Montag, 4. Dezember 2017

Der Fremde im Pelzmantel

Genervt legte er die Zeitung beiseite. Was für ein Rummel um diesen Bären, der von Italien kommend in den Graubündner Bergen aufgetaucht sein soll. Als wenn das so aufregend wäre. Es hatte schließlich früher überall in Europa Bären gegeben, bis sie irgendwann im Mittelalter ausgerottet wurden. Aber der Presserummel war schon lästig. Da sorgten sich die Viehbesitzer um ihre Tiere, Wanderer um ihre Sicherheit und die Einheimischen um das Geld der Touristen. Dabei war noch gar nicht sicher, ob wirklich ein Bär von Italien herübergewandert war. Die Spuren konnten auch von einem anderen Tier stammen, hatte irgendein Förster im Fernsehen gesagt. Immerhin hat bisher noch keiner verlangt den Bären zu erschießen, so, wie damals in Bayern.

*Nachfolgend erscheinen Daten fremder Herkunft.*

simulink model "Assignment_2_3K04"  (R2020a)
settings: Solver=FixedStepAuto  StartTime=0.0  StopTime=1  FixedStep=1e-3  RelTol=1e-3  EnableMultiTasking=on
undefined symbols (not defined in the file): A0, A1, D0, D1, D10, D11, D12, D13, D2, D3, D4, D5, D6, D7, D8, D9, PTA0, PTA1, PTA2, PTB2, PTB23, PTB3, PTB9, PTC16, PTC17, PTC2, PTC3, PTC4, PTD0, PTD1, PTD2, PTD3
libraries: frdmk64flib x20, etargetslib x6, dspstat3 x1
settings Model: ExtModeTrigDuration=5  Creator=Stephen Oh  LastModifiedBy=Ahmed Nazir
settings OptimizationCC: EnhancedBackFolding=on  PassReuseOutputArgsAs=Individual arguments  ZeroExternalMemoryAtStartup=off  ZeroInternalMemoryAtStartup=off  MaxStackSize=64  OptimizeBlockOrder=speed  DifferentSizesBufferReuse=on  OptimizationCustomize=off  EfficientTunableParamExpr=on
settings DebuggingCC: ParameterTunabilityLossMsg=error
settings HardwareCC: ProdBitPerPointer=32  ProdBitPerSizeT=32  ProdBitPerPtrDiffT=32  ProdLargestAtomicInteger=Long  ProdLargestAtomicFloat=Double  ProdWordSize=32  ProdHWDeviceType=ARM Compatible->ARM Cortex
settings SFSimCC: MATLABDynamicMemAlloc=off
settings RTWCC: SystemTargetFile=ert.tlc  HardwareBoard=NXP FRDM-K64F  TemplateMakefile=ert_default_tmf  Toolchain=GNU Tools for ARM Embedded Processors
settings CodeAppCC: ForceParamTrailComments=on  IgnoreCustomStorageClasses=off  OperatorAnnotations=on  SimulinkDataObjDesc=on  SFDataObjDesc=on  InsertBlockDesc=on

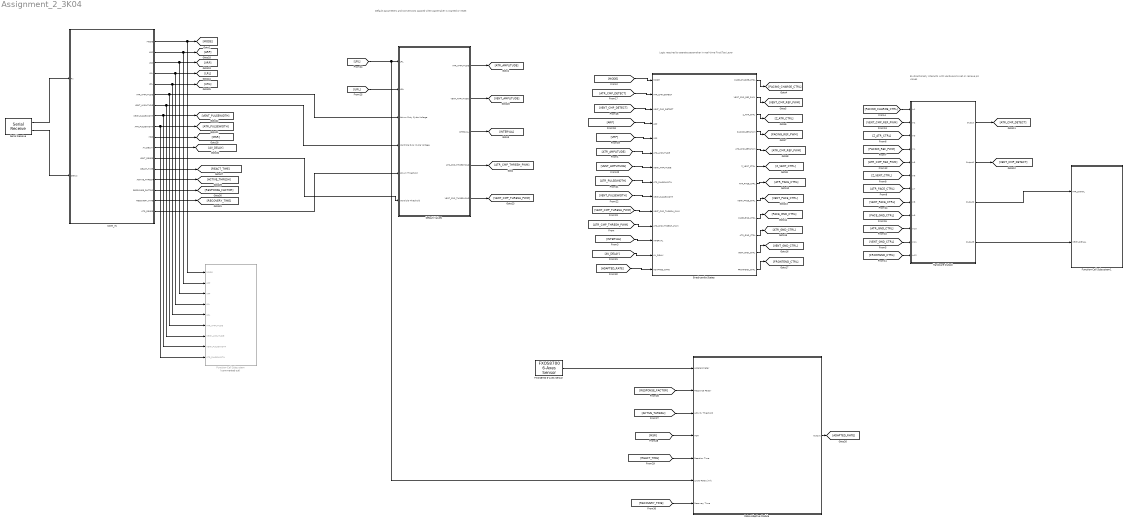
== system Assignment_2_3K04 ==
  note: Default parameters and Conversions passed when
      | pacemaker is started or reset
  note: Logic required to operate pacemaker
      | in real-time
      | First/Top Layer
  note: Bi-directionally interacts with
      | Hardware to set or recieve
      | pin values
  Bradycardia States : Stateflow chart  TreatAsAtomicUnit=on
      settings: PortSchema="{\"entries\":[{\"content\":{\"sides\":[{\"content\":{\"connectorIds\":[\"In2\",\"In3\",\"In4\",\"In5\",\"In6\",\"In7\",\"In8\",\"In9\",\"In10\",\"In11\",\"In12\",\"In1\",\"In13\",\"In14\"]},\"type\":\"ConnectorPlacement.EquallySpacedRectSide\",\"uuid\":\"15e03f69-5c25-4f3e-b3fb-d71978e552f4\"},{\"content\":{\"connectorIds\":[\"Out7\",\"Out12\",\"Out4\",\"Out8\",\"Out10\",\"Out5\",\"Out9\",\"Out3\",\"Out6\",\"Out1\",\"Out2\",\"Out11\"],\"side\":\"RIGHT\"},\"type\":\"ConnectorPlacement.EquallySpacedRectSide\",\"uuid\":\"02171bf1-edb1-4b01-9e56-a8642c556ed6\"},{\"content\":{\"connectorIds\":[],\"side\":\"TOP\"},\"type\":\"ConnectorPlacement.EquallySpacedRectSide\",\"uuid\":\"cc6b5506-3435-4740-9e3f-4dfe15d30bff\"}]},\"type\":\"ConnectorPlacement.EquallySpacedConnector\",\"uuid\":\"0ad55da7-1e65-48d0-a0a4-2620ffa94320\"}],\"packageUris\":[\"http://schema.mathworks.com/mf0/Connector/19700101\"],\"version\":\"1.0\"}"
  COM_IN : Stateflow chart  TreatAsAtomicUnit=on
      settings: PortSchema="{\"entries\":[{\"content\":{\"sides\":[{\"content\":{\"connectorIds\":[\"In1\",\"In2\"]},\"type\":\"ConnectorPlacement.EquallySpacedRectSide\",\"uuid\":\"22fa9edc-2a49-4280-8e8e-0842a45ddb47\"},{\"content\":{\"connectorIds\":[\"Out1\",\"Out2\",\"Out5\",\"Out3\",\"Out4\",\"Out6\",\"Out7\",\"Out8\",\"Out9\",\"Out10\",\"Out11\",\"Out12\",\"Out13\",\"Out14\",\"Out15\",\"Out16\",\"Out17\"],\"side\":\"RIGHT\"},\"type\":\"ConnectorPlacement.EquallySpacedRectSide\",\"uuid\":\"653d204d-01e6-4b1d-8e7b-47ebaddcd032\"},{\"content\":{\"connectorIds\":[],\"side\":\"TOP\"},\"type\":\"ConnectorPlacement.EquallySpacedRectSide\",\"uuid\":\"5fb759fd-937e-492d-8a65-272e5a7048d8\"}]},\"type\":\"ConnectorPlacement.EquallySpacedConnector\",\"uuid\":\"8ef65fa3-58c0-4e1e-983b-59a6af0cca9a\"}],\"packageUris\":[\"http://schema.mathworks.com/mf0/Connector/19700101\"],\"version\":\"1.0\"}"
  Default Values : Subsystem
  FXOS8700 6-Axes Sensor : frdmk64flib/FXOS8700 6-Axes Sensor  Activesensor=Accelerometer only  ODR=800Hz  HybridODR=400Hz  Accelfullrange=-4g to +4g  SampleTime=-1
  Function-Call Subsystem : Subsystem  Commented=on  TreatAsAtomicUnit=on
  Function-Call Subsystem1 : Subsystem  TreatAsAtomicUnit=on
  Hardware Output : Subsystem
  Rate Adaptive Module : Subsystem
  Serial Receive : frdmk64flib/Serial Receive  SCIModule=0  Baudrate=uint32(9600)  Parity=None  StopBits=1  HardwareFlowControl=None  ByteOrder=LittleEndian  DataType=uint8  DataLength=37  BlockingMode=off  OutputStatus=on  SampleTime=-1
  wires:
  [INTERVAL] -> Bradycardia States/1(INTERVAL)
  [ATR_GND_CTRL] -> Hardware Output/10(In10)
  [PACING_REF_PWM] -> Hardware Output/4(In4)
  [Z_VENT_CTRL] -> Hardware Output/6(In6)
  [ATR_PACE_CTRL] -> Hardware Output/7(In7)
  Hardware Output/2(Output1) -> [VENT_CMP_DETECT]
  [PACE_GND_CTRL] -> Hardware Output/9(In9)
  [FRONTEND_CTRL] -> Hardware Output/12(In12)
  [VENT_GND_CTRL] -> Hardware Output/11(In11)
  [Z_ATR_CTRL] -> Hardware Output/3(In3)
  [VENT_PACE_CTRL] -> Hardware Output/8(In8)
  [ATR_CMP_REF_PWM] -> Hardware Output/5(In5)
  [VENT_CMP_REF_PWM] -> Hardware Output/2(In2)
  [PACING_CHARGE_CTRL] -> Hardware Output/1(In1)
  Hardware Output/1(Output) -> [ATR_CMP_DETECT]
  [VENT_CMP_DETECT] -> Bradycardia States/4(VENT_CMP_DETECT)
  [ARP] -> Bradycardia States/5(ARP)
  [VRP] -> Bradycardia States/6(VRP)
  [ATR_CMP_DETECT] -> Bradycardia States/3(ATR_CMP_DETECT)
  [ATR_AMPLITUDE] -> Bradycardia States/7(ATR_AMPLITUDE)
  [VENT_AMPLITUDE] -> Bradycardia States/8(VENT_AMPLITUDE)
  [ATR_PULSEWIDTH] -> Bradycardia States/9(ATR_PULSEWIDTH)
  [VENT_PULSEWIDTH] -> Bradycardia States/10(VENT_PULSEWIDTH)
  Default Values/1(ATR_AMPLITUDE) -> [ATR_AMPLITUDE]
  Default Values/3(INTERVAL) -> [INTERVAL]
  Bradycardia States/3(VENT_PACE_CTRL) -> [VENT_PACE_CTRL]
  Bradycardia States/9(ATR_PACE_CTRL) -> [ATR_PACE_CTRL]
  Bradycardia States/7(PACE_CHARGE_CTRL) -> [PACING_CHARGE_CTRL]
  Bradycardia States/12(VENT_CMP_REF_PWM) -> [VENT_CMP_REF_PWM]
  Bradycardia States/4(Z_ATR_CTRL) -> [Z_ATR_CTRL]
  Bradycardia States/8(PACING_REF_PWM) -> [PACING_REF_PWM]
  Bradycardia States/10(ATR_CMP_REF_PWM) -> [ATR_CMP_REF_PWM]
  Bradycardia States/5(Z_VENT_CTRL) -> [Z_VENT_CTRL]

Er packte seine Sachen zusammen und verstaute seine Brille sorgfältig im Etui. Dann setzte er seine Wanderung fort. Das Tal war an dieser Stelle ungewöhnlich breit. Bald war er sich nicht mehr sicher, ob er auf dem richtigen Weg war. Er wollte einen Blick auf die Wanderkarte werfen, aber er fand seine Brille nicht. Verdammt! Er hatte sie doch eingesteckt? Vielleicht lag sie noch an dem Platz, wo er vor fast einer halben Stunde Rast gemacht hatte. Es half nichts: Er musste den Weg wieder zurück gehen.
Er war noch nicht lange unterwegs, als ihm plötzlich Zweifel kamen. War das überhaupt der richtige Weg? Er konnte zwar auch ohne Brille noch ganz gut sehen, aber offenbar gab es ein paar Dinge, die ihm ohne Sehhilfe entgingen. Während er noch an der Wegkreuzung stand und überlegte, näherte sich ihm ein seltsamer Wanderer. Ein Glück! Da war jemand, den er fragen konnte. Der Wanderer schien trotz der großen Hitze einen Pelzmantel zu tragen. Naja, vielleicht wollte er über den Gletscher gehen.
„Junger Mann, können sie mir vielleicht helfen? Ich glaube, ich habe mich verirrt“, sagte er.
Aber der Fremde brummte nur irgendetwas unverständliches und beachtete ihn gar nicht. Stattdessen bückte er sich und ging auf allen Vieren weiter. Hatte er eventuell seine Kontaktlinsen verloren? Er würde dem seltsamen Wanderer ja gerne suchen helfen, aber ohne seine Brille war er doch wesentlich hilfloser, als er gedacht hätte. Der Fremde ließ sich nicht beirren. Dann richtet er sich direkt vor ihm auf. Offenbar hatte er seine Kontaktlinsen gefunden.
„Also wirklich, junger Mann“, setzte er an. „Ihr Verhalten ist absolut ungebührlich. Ich habe sie ganz höflich um Hilfe gebeten und sie halten es nichtmal für nötig mir eine verständliche Antwort zu geben. Stattdessen brummeln sie irgendwas in ihren Bart. Sie sollten sich wirklich mal rasieren.“
Aber wieder brummte der Fremde nur etwas unverständliches. Dann drehte er sich um und verschwand blitzschnell im Unterholz.
Kopfschüttelnd ging er weiter. Hoffentlich war das der richtige Weg. Bald gelangte er wieder an seinen alten Rastplatz und dort lag doch tatsächlich das Brillenetui auf dem Stein, wo sein Rucksack gestanden hatte. Er hatte das Etui nicht in die Rucksacktasche hineingesteckt, sondern daneben, sodass es auf dem Stein liegen geblieben war. Und dort lag ja auch die Zeitung, die er eben noch gelesen hatte. Ein wenig erschöpft ließ er sich auf seinem alten Platz nieder und setzte die Brille auf. Sein Blick fiel auf den Zeitungsartikel über den Bären. Was für ein Blödsinn! Wahrscheinlich war das wieder mal eine Presseente. Vermutlich gab es gar keinen Bären in Graubünden. Nur irgend so einen unhöflichen Typen im Pelzmantel der unverständliches Zeug brummelte.